[Records contained in a dataset]
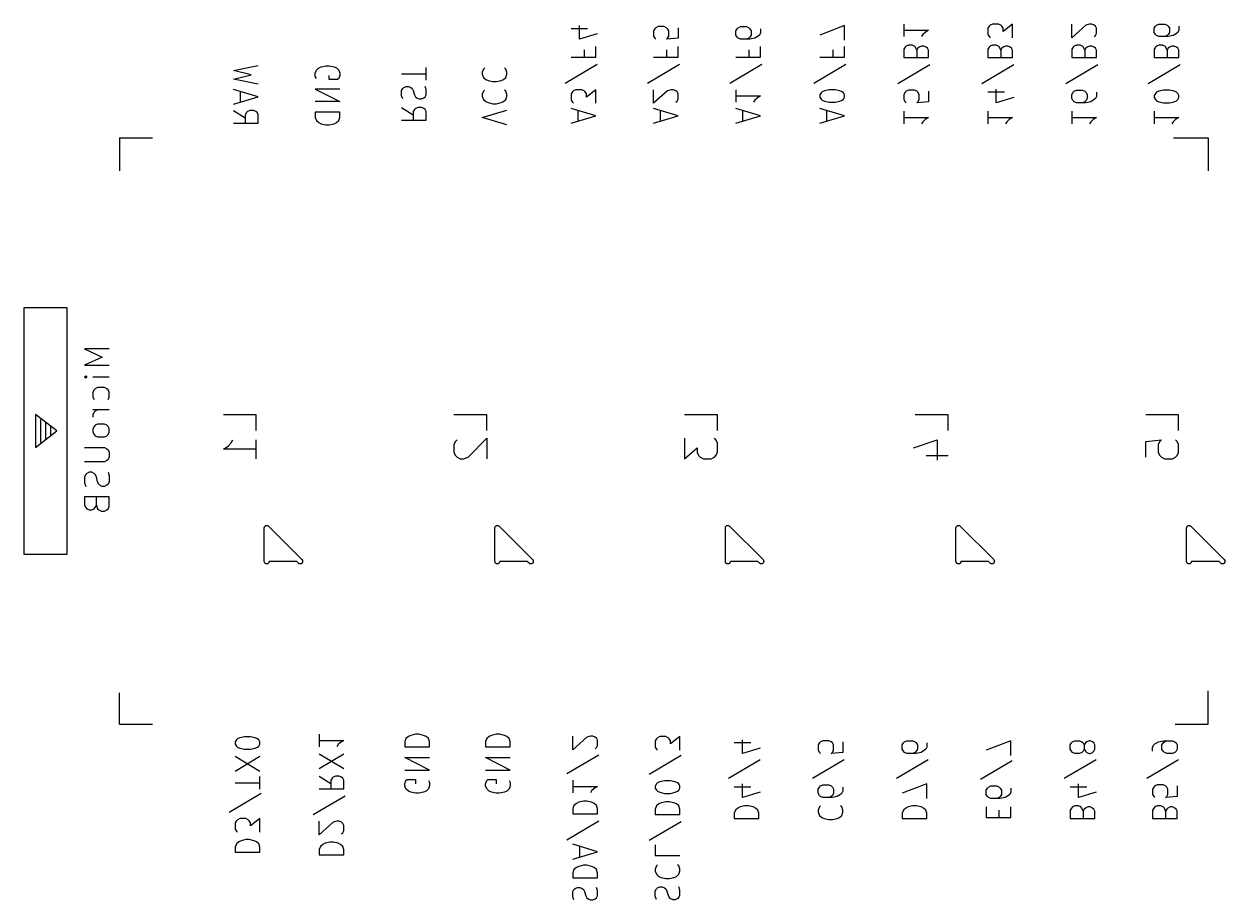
# Model space of a CAD drawing. Extents: x 118.6 to 155.1, y -100.8 to -24.1.
# Drawn here: x 118.6 to 155.06, y -50.74 to -24.14 of the extents above; entities that cross this region are included whole.
import ezdxf

# ---------------------------------------------------------------- set-up
doc = ezdxf.new("R2010")
doc.units = 0
doc.layers.add('BLACK', color=7, linetype='CONTINUOUS')

msp = doc.modelspace()

# ---------------------------------------------------------------- linework, layer by layer
at = {"layer": 'BLACK', "linetype": 'CONTINUOUS'}
for p, q in [((135.711, -24.2831), (135.211, -24.2831)), ((135.461, -24.6021), (135.461, -24.1874)), ((137.746, -24.2831), (137.711, -24.3469)), ((137.711, -24.3469), (137.711, -24.5064)), ((137.782, -24.2512), (137.746, -24.2831)), ((137.854, -24.2193), (137.782, -24.2512)), ((138.032, -24.2193), (137.854, -24.2193)), ((138.104, -24.2512), (138.032, -24.2193)), ((138.139, -24.2831), (138.104, -24.2512)), ((138.175, -24.3469), (138.139, -24.2831)), ((138.175, -24.5064), (138.175, -24.3469)), ((138.461, -24.2512), (138.461, -24.5702)), ((140.211, -24.3469), (140.246, -24.2831)), ((140.211, -24.4745), (140.211, -24.3469)), ((140.246, -24.2831), (140.282, -24.2512)), ((140.282, -24.2512), (140.354, -24.2193)), ((140.354, -24.2193), (140.532, -24.2193)), ((140.532, -24.2193), (140.604, -24.2512)), ((140.604, -24.2512), (140.639, -24.2831)), ((140.639, -24.2831), (140.675, -24.3469)), ((140.675, -24.3469), (140.675, -24.4745)), ((140.961, -24.4107), (140.925, -24.4745)), ((140.961, -24.2831), (140.961, -24.4107)), ((143.511, -24.1874), (142.761, -24.4745)), ((143.511, -24.634), (143.511, -24.1874)), ((145.311, -24.1395), (145.311, -24.5224)), ((145.311, -24.331), (146.061, -24.331)), ((145.954, -24.3948), (145.882, -24.4586)), ((146.061, -24.331), (145.954, -24.3948)), ((147.896, -24.2033), (147.861, -24.2671)), ((147.861, -24.2671), (147.861, -24.4586)), ((147.932, -24.1714), (147.896, -24.2033)), ((148.004, -24.1395), (147.932, -24.1714)), ((148.182, -24.1395), (148.004, -24.1395)), ((148.254, -24.1714), (148.182, -24.1395)), ((148.289, -24.2033), (148.254, -24.1714)), ((148.325, -24.2671), (148.289, -24.2033)), ((148.611, -24.1395), (148.325, -24.3629)), ((148.325, -24.3629), (148.325, -24.2671)), ((148.611, -24.5543), (148.611, -24.1395)), ((150.411, -24.5543), (150.411, -24.1395)), ((150.839, -24.1714), (150.411, -24.5543)), ((150.946, -24.1395), (150.839, -24.1714)), ((151.018, -24.1395), (150.946, -24.1395)), ((151.089, -24.1714), (151.018, -24.1395)), ((151.125, -24.2033), (151.089, -24.1714)), ((151.161, -24.2671), (151.125, -24.2033)), ((151.125, -24.4905), (151.161, -24.4267)), ((151.161, -24.4267), (151.161, -24.2671)), ((152.911, -24.2671), (152.946, -24.2033)), ((152.911, -24.3948), (152.911, -24.2671)), ((152.946, -24.4586), (152.911, -24.3948)), ((152.946, -24.2033), (152.982, -24.1714)), ((152.982, -24.1714), (153.054, -24.1395)), ((153.054, -24.1395), (153.232, -24.1395)), ((153.232, -24.1395), (153.304, -24.1714)), ((153.304, -24.1714), (153.339, -24.2033)), ((153.339, -24.2033), (153.375, -24.2671)), ((153.375, -24.3948), (153.339, -24.4586)), ((153.375, -24.2671), (153.375, -24.3948)), ((153.589, -24.4267), (153.482, -24.4905)), ((153.625, -24.3948), (153.589, -24.4267)), ((153.661, -24.331), (153.625, -24.3948)), ((153.661, -24.2033), (153.661, -24.331)), ((135.996, -24.4426), (135.461, -24.6021)), ((137.711, -24.5064), (137.746, -24.5702)), ((137.746, -24.5702), (137.782, -24.6021)), ((138.461, -24.5702), (138.104, -24.6021)), ((138.104, -24.6021), (138.139, -24.5702)), ((138.139, -24.5702), (138.175, -24.5064)), ((140.246, -24.5383), (140.211, -24.4745)), ((140.282, -24.5702), (140.246, -24.5383)), ((140.354, -24.6021), (140.282, -24.5702)), ((140.639, -24.6021), (140.354, -24.6021)), ((140.604, -24.5702), (140.532, -24.6021)), ((140.639, -24.5383), (140.604, -24.5702)), ((140.675, -24.4745), (140.639, -24.5383)), ((140.782, -24.5702), (140.639, -24.6021)), ((140.889, -24.5064), (140.782, -24.5702)), ((140.925, -24.4745), (140.889, -24.5064)), ((145.454, -24.7776), (145.382, -24.8095)), ((145.561, -24.7776), (145.454, -24.7776)), ((145.632, -24.8095), (145.561, -24.7776)), ((145.882, -24.4586), (145.846, -24.5224)), ((147.861, -24.4586), (147.896, -24.5224)), ((147.896, -24.5224), (147.932, -24.5543)), ((148.004, -24.7776), (147.932, -24.8095)), ((148.111, -24.7776), (148.004, -24.7776)), ((148.182, -24.8095), (148.111, -24.7776)), ((150.554, -24.7776), (150.482, -24.8095)), ((150.661, -24.7776), (150.554, -24.7776)), ((150.732, -24.8095), (150.661, -24.7776)), ((151.089, -24.5224), (151.125, -24.4905)), ((152.982, -24.4905), (152.946, -24.4586)), ((153.054, -24.5224), (152.982, -24.4905)), ((153.054, -24.7776), (152.982, -24.8095)), ((153.339, -24.5224), (153.054, -24.5224)), ((153.161, -24.7776), (153.054, -24.7776)), ((153.232, -24.8095), (153.161, -24.7776)), ((153.304, -24.4905), (153.232, -24.5224)), ((153.339, -24.4586), (153.304, -24.4905)), ((153.482, -24.4905), (153.339, -24.5224)), ((135.211, -25.1445), (135.961, -25.1445)), ((135.604, -24.9212), (135.604, -25.1445)), ((135.961, -25.1445), (135.961, -24.8255)), ((137.711, -25.1445), (138.461, -25.1445)), ((138.104, -24.9212), (138.104, -25.1445)), ((138.461, -25.1445), (138.461, -24.8255)), ((140.211, -25.1445), (140.961, -25.1445)), ((140.604, -24.9212), (140.604, -25.1445)), ((140.961, -25.1445), (140.961, -24.8255)), ((142.761, -25.1445), (143.511, -25.1445)), ((143.154, -24.9212), (143.154, -25.1445)), ((143.511, -25.1445), (143.511, -24.8255)), ((145.346, -24.8414), (145.311, -24.9052)), ((145.311, -24.9052), (145.311, -25.1605)), ((145.382, -24.8095), (145.346, -24.8414)), ((145.668, -24.8414), (145.632, -24.8095)), ((145.704, -24.9371), (145.668, -24.8414)), ((145.739, -24.8733), (145.704, -24.9371)), ((145.704, -24.9371), (145.704, -25.1605)), ((145.775, -24.8414), (145.739, -24.8733)), ((145.846, -24.8095), (145.775, -24.8414)), ((145.918, -24.8095), (145.846, -24.8095)), ((145.989, -24.8414), (145.918, -24.8095)), ((146.025, -24.8733), (145.989, -24.8414)), ((146.061, -24.9371), (146.025, -24.8733)), ((146.061, -25.1605), (146.061, -24.9371)), ((147.896, -24.8414), (147.861, -24.9052)), ((147.861, -24.9052), (147.861, -25.1605)), ((147.932, -24.8095), (147.896, -24.8414)), ((148.218, -24.8414), (148.182, -24.8095)), ((148.254, -24.9371), (148.218, -24.8414)), ((148.289, -24.8733), (148.254, -24.9371)), ((148.254, -24.9371), (148.254, -25.1605)), ((148.325, -24.8414), (148.289, -24.8733)), ((148.396, -24.8095), (148.325, -24.8414)), ((148.468, -24.8095), (148.396, -24.8095)), ((148.539, -24.8414), (148.468, -24.8095)), ((148.575, -24.8733), (148.539, -24.8414)), ((148.611, -24.9371), (148.575, -24.8733)), ((148.611, -25.1605), (148.611, -24.9371)), ((150.446, -24.8414), (150.411, -24.9052)), ((150.411, -24.9052), (150.411, -25.1605)), ((150.482, -24.8095), (150.446, -24.8414)), ((150.768, -24.8414), (150.732, -24.8095)), ((150.804, -24.9371), (150.768, -24.8414)), ((150.839, -24.8733), (150.804, -24.9371)), ((150.804, -24.9371), (150.804, -25.1605)), ((150.875, -24.8414), (150.839, -24.8733)), ((150.946, -24.8095), (150.875, -24.8414)), ((151.018, -24.8095), (150.946, -24.8095)), ((151.089, -24.8414), (151.018, -24.8095)), ((151.125, -24.8733), (151.089, -24.8414)), ((151.161, -24.9371), (151.125, -24.8733)), ((151.161, -25.1605), (151.161, -24.9371)), ((152.946, -24.8414), (152.911, -24.9052)), ((152.911, -24.9052), (152.911, -25.1605)), ((152.982, -24.8095), (152.946, -24.8414)), ((153.268, -24.8414), (153.232, -24.8095)), ((153.304, -24.9371), (153.268, -24.8414)), ((153.339, -24.8733), (153.304, -24.9371)), ((153.304, -24.9371), (153.304, -25.1605)), ((153.375, -24.8414), (153.339, -24.8733)), ((153.446, -24.8095), (153.375, -24.8414)), ((153.518, -24.8095), (153.446, -24.8095)), ((153.589, -24.8414), (153.518, -24.8095)), ((153.625, -24.8733), (153.589, -24.8414)), ((153.661, -24.9371), (153.625, -24.8733)), ((153.661, -25.1605), (153.661, -24.9371)), ((124.961, -25.5552), (125.711, -25.3957)), ((127.475, -25.5393), (127.546, -25.4755)), ((127.546, -25.4755), (127.618, -25.4436)), ((127.618, -25.4436), (127.761, -25.4117)), ((127.761, -25.4117), (127.868, -25.4117)), ((127.868, -25.4117), (128.011, -25.4436)), ((128.011, -25.4436), (128.082, -25.4755)), ((128.082, -25.4755), (128.154, -25.5393)), ((130.811, -25.8424), (130.811, -25.4595)), ((132.546, -25.5074), (132.511, -25.6031)), ((132.582, -25.4755), (132.546, -25.5074)), ((133.225, -25.5074), (133.189, -25.4755)), ((133.261, -25.6031), (133.225, -25.5074)), ((135.996, -25.3679), (135.032, -25.9421)), ((138.496, -25.3679), (137.532, -25.9421)), ((140.996, -25.3679), (140.032, -25.9421)), ((143.546, -25.3679), (142.582, -25.9421)), ((146.096, -25.3838), (145.132, -25.9581)), ((145.311, -25.1605), (146.061, -25.1605)), ((148.646, -25.3838), (147.682, -25.9581)), ((147.861, -25.1605), (148.611, -25.1605)), ((151.196, -25.3838), (150.232, -25.9581)), ((150.411, -25.1605), (151.161, -25.1605)), ((153.696, -25.3838), (152.732, -25.9581)), ((152.911, -25.1605), (153.661, -25.1605)), ((125.496, -25.6829), (124.961, -25.5552)), ((124.961, -25.8105), (125.496, -25.6829)), ((125.711, -25.97), (124.961, -25.8105)), ((127.439, -25.635), (127.475, -25.5393)), ((127.439, -25.7307), (127.439, -25.635)), ((127.475, -25.7945), (127.439, -25.7307)), ((127.868, -25.8264), (127.868, -25.6988)), ((128.118, -25.8264), (127.868, -25.8264)), ((128.154, -25.7945), (128.118, -25.8264)), ((128.154, -25.5393), (128.189, -25.635)), ((128.189, -25.6988), (128.154, -25.7945)), ((128.189, -25.635), (128.189, -25.6988)), ((130.061, -25.651), (130.811, -25.651)), ((132.511, -25.6031), (132.511, -25.6669)), ((132.511, -25.6669), (132.546, -25.7626)), ((132.546, -25.7626), (132.618, -25.8264)), ((132.618, -25.8264), (132.689, -25.8583)), ((132.689, -25.8583), (132.832, -25.8902)), ((132.939, -25.8902), (133.082, -25.8583)), ((133.082, -25.8583), (133.154, -25.8264)), ((133.154, -25.8264), (133.225, -25.7626)), ((133.225, -25.7626), (133.261, -25.6669)), ((133.261, -25.6669), (133.261, -25.6031)), ((125.711, -26.3529), (124.961, -26.1295)), ((125.175, -26.5124), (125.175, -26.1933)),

▶ _EXERCISE REQUIREMENTS_
What number of lines in the records hold the word "linetype"? Reply with that number alone.

▶ _SOLUTION_
2